Re: [ADMIN] Shutdown Order with Primary/Standby?

От
Scott Marlowe
Дата:
On Fri, Aug 11, 2017 at 8:10 AM, Don Seiler <don@seiler.us> wrote:
> On Thu, Aug 10, 2017 at 1:13 PM, Scott Marlowe <scott.marlowe@gmail.com>
> wrote:
>>
>> Set keep wal segments to something largish (1000 or so) well before
>> the upgrade etc. Make sure the volume holding pg_xlog can hold
>> 1000*16MB of data. This ensures the streaming replicant can catch up
>> if some stuff happens before it's back up.
>
>
> If we have both primary and standby down at the same time, would this really
> still be necessary? FWIW right now ours is set to keep 128.

It's nice in case the replica hangs or acts up, you won't have to
resubscribe it should it run through the first 128 wal segments etc.

> Also, going back to my original question. Once both are down, is it best
> practice to perform patching/upgrades on the standby first (starting
> furthest downstream if cascading)? e.g. patch/upgrade the standby (via
> standard CentOS7 yum from the repo), then start the standby DB and verify
> nothing has broken, then do the same to the upstream or primary?
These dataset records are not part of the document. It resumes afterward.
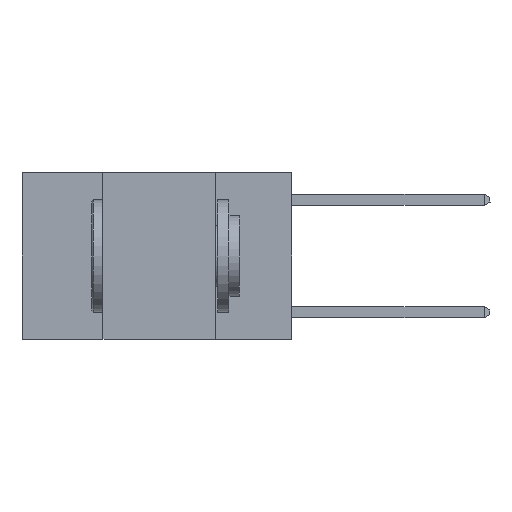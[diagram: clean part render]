
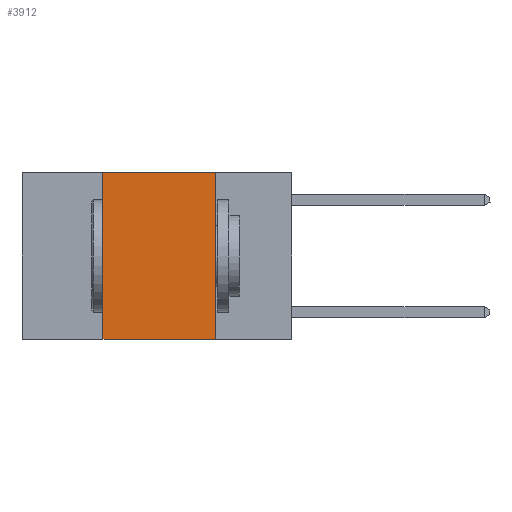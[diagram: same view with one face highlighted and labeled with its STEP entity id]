
A CAD part, left-side view. The second image highlights one B-rep face of the part: STEP entity #3912.
In plain terms, the highlighted planar face has unit normal (-1, 0, 0).
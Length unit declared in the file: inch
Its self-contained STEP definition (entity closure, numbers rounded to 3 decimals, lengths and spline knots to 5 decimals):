
#457 = FACE_OUTER_BOUND ( 'NONE', #8235, .T. ) ;
#512 = ORIENTED_EDGE ( 'NONE', *, *, #3432, .T. ) ;
#851 = ORIENTED_EDGE ( 'NONE', *, *, #3742, .F. ) ;
#1039 = AXIS2_PLACEMENT_3D ( 'NONE', #1051, #6026, #5998 ) ;
#1051 = CARTESIAN_POINT ( 'NONE',  ( 0., 0.6, 0. ) ) ;
#1402 = LINE ( 'NONE', #3638, #1480 ) ;
#1480 = VECTOR ( 'NONE', #3882, 39.37008 ) ;
#1795 = ORIENTED_EDGE ( 'NONE', *, *, #6401, .F. ) ;
#1804 = ORIENTED_EDGE ( 'NONE', *, *, #9559, .F. ) ;
#2380 = CARTESIAN_POINT ( 'NONE',  ( 0., 0.17, 0. ) ) ;
#2575 = CARTESIAN_POINT ( 'NONE',  ( 0., 0.17, -0.37 ) ) ;
#2753 = VECTOR ( 'NONE', #7268, 39.37008 ) ;
#2853 = LINE ( 'NONE', #4939, #2753 ) ;
#3110 = LINE ( 'NONE', #8367, #6934 ) ;
#3432 = EDGE_CURVE ( 'NONE', #5380, #7128, #2853, .T. ) ;
#3638 = CARTESIAN_POINT ( 'NONE',  ( 0., 0.17, 0. ) ) ;
#3742 = EDGE_CURVE ( 'NONE', #5097, #7128, #1402, .T. ) ;
#3752 = CARTESIAN_POINT ( 'NONE',  ( 0., 0.42, 0. ) ) ;
#3882 = DIRECTION ( 'NONE',  ( 0., 0., -1. ) ) ;
#3912 = ADVANCED_FACE ( 'NONE', ( #457 ), #4833, .F. ) ;
#4833 = PLANE ( 'NONE',  #1039 ) ;
#4939 = CARTESIAN_POINT ( 'NONE',  ( 0., 0.6, -0.37 ) ) ;
#5097 = VERTEX_POINT ( 'NONE', #2380 ) ;
#5380 = VERTEX_POINT ( 'NONE', #9579 ) ;
#5413 = VECTOR ( 'NONE', #7379, 39.37008 ) ;
#5648 = VERTEX_POINT ( 'NONE', #3752 ) ;
#5998 = DIRECTION ( 'NONE',  ( 0., 0., -1. ) ) ;
#6026 = DIRECTION ( 'NONE',  ( 1., 0., 0. ) ) ;
#6401 = EDGE_CURVE ( 'NONE', #5648, #5097, #9237, .T. ) ;
#6631 = CARTESIAN_POINT ( 'NONE',  ( 0., 0.6, 0. ) ) ;
#6934 = VECTOR ( 'NONE', #9191, 39.37008 ) ;
#7128 = VERTEX_POINT ( 'NONE', #2575 ) ;
#7268 = DIRECTION ( 'NONE',  ( 0., -1., 0. ) ) ;
#7379 = DIRECTION ( 'NONE',  ( 0., -1., 0. ) ) ;
#8235 = EDGE_LOOP ( 'NONE', ( #851, #1795, #1804, #512 ) ) ;
#8367 = CARTESIAN_POINT ( 'NONE',  ( 0., 0.42, 0. ) ) ;
#9191 = DIRECTION ( 'NONE',  ( 0., 0., 1. ) ) ;
#9237 = LINE ( 'NONE', #6631, #5413 ) ;
#9559 = EDGE_CURVE ( 'NONE', #5380, #5648, #3110, .T. ) ;
#9579 = CARTESIAN_POINT ( 'NONE',  ( 0., 0.42, -0.37 ) ) ;

Lots of ways to do this. One way is to make a replicant, remove it
from the cluster and fail it over and then upgrade it and test the
crap out of it distinctly from production. Load test, proper behavior
testing, and so on.

If you're doing minor upgrades, you don't need to bring down the whole
cluster, you can take a single replica out and upgrade pg on it, then
put it back in the cluster. Again, if you have enough kept wal
segments, or you use replication slots, then it will just catch right
up.


Re: [ADMIN] Shutdown Order with Primary/Standby?

От
Don Seiler
Дата:
On Fri, Aug 11, 2017 at 11:07 AM, Scott Marlowe <scott.marlowe@gmail.com> wrote:
If you're doing minor upgrades, you don't need to bring down the whole
cluster, you can take a single replica out and upgrade pg on it, then
put it back in the cluster. Again, if you have enough kept wal
segments, or you use replication slots, then it will just catch right
up.

What do you mean by "take it out of the cluster" and "put it back in the cluster"? Shut it down and rename the recovery.conf? Or more complexity than that? Why would that be needed at all?

--
Don Seiler
www.seiler.us

Re: [ADMIN] Shutdown Order with Primary/Standby?

От
Scott Marlowe
Дата:
On Fri, Aug 11, 2017 at 2:20 PM, Don Seiler <don@seiler.us> wrote:
> On Fri, Aug 11, 2017 at 11:07 AM, Scott Marlowe <scott.marlowe@gmail.com>
> wrote:
>>
>> If you're doing minor upgrades, you don't need to bring down the whole
>> cluster, you can take a single replica out and upgrade pg on it, then
>> put it back in the cluster. Again, if you have enough kept wal
>> segments, or you use replication slots, then it will just catch right
>> up.
>
>
> What do you mean by "take it out of the cluster" and "put it back in the
> cluster"? Shut it down and rename the recovery.conf? Or more complexity than
> that? Why would that be needed at all?

Yeah, basically touch the the file defined to make it fail over so it
becomes its own master.

Then test upgrade it and test the crap out of it separate from
production. If all works fine, then resubscribe it and now you know
your upgrades in production should work.